Skills Data Science Optimize ClickHouse Cloud Costs

Optimize ClickHouse Cloud Costs

v20260423
clickhouse-cost-tuning
A comprehensive guide to reducing expenses on ClickHouse Cloud. Learn advanced techniques for storage optimization (compression, TTL), compute resource tuning (scaling, thread limits), and query efficiency improvements.
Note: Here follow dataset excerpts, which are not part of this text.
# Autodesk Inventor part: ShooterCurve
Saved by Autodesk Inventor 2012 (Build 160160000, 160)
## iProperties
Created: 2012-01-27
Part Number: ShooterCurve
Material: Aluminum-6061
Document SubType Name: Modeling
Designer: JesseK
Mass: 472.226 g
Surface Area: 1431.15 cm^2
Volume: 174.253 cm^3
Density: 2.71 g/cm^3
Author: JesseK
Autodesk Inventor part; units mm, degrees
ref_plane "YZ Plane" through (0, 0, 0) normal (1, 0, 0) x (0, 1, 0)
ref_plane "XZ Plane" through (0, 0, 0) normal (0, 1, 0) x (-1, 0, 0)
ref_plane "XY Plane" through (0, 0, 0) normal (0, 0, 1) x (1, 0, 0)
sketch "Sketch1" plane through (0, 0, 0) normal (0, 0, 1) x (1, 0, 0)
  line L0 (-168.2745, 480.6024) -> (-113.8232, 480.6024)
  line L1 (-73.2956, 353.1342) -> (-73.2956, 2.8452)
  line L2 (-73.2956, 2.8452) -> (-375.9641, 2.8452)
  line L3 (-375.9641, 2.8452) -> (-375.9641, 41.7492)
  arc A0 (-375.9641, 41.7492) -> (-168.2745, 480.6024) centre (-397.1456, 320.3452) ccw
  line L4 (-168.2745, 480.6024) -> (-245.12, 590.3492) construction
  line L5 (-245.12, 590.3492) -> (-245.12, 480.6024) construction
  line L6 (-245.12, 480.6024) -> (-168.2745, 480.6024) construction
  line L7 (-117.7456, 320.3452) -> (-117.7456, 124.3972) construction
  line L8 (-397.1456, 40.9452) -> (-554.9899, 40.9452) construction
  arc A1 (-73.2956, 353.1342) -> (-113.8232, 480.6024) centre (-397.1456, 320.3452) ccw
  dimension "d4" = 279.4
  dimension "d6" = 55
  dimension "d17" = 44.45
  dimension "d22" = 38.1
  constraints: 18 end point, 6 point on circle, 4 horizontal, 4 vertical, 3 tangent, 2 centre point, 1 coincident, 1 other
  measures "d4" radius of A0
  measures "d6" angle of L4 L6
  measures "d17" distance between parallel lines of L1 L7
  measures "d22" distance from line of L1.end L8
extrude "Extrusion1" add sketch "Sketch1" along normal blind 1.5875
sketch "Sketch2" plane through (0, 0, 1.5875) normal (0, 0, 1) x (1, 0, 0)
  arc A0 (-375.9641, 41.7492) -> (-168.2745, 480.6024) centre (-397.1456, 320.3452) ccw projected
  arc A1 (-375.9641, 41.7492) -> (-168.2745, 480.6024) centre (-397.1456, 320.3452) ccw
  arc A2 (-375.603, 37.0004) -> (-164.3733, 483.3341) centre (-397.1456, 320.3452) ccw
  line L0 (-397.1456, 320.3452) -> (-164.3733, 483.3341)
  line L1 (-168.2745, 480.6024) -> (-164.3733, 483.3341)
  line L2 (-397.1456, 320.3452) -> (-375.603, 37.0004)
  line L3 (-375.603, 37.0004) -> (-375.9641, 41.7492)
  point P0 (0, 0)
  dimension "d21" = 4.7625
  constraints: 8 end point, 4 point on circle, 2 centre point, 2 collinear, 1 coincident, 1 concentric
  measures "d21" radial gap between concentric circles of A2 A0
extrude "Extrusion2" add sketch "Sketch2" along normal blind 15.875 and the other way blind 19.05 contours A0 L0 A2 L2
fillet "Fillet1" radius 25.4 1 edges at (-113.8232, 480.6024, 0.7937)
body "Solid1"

Use this when managing data budgets or analyzing high ClickHouse billing charges.
Get Skill
243 downloads
Overview

ClickHouse Cost Tuning

Overview

Reduce ClickHouse Cloud costs through storage optimization, compression tuning, TTL policies, compute scaling, and query efficiency improvements.

Prerequisites

  • ClickHouse Cloud account with billing access
  • Understanding of current data volumes and query patterns

Instructions

Step 1: Understand ClickHouse Cloud Pricing

Component Pricing Model Key Driver
Compute Per-hour per replica vCPU + memory tier
Storage Per GB-month Compressed data on disk
Network Per GB egress Query result sizes
Backups Per GB stored Backup retention

Key insight: ClickHouse bills on compressed storage, and ClickHouse compresses extremely well (often 10-20x). Your cost driver is usually compute, not storage.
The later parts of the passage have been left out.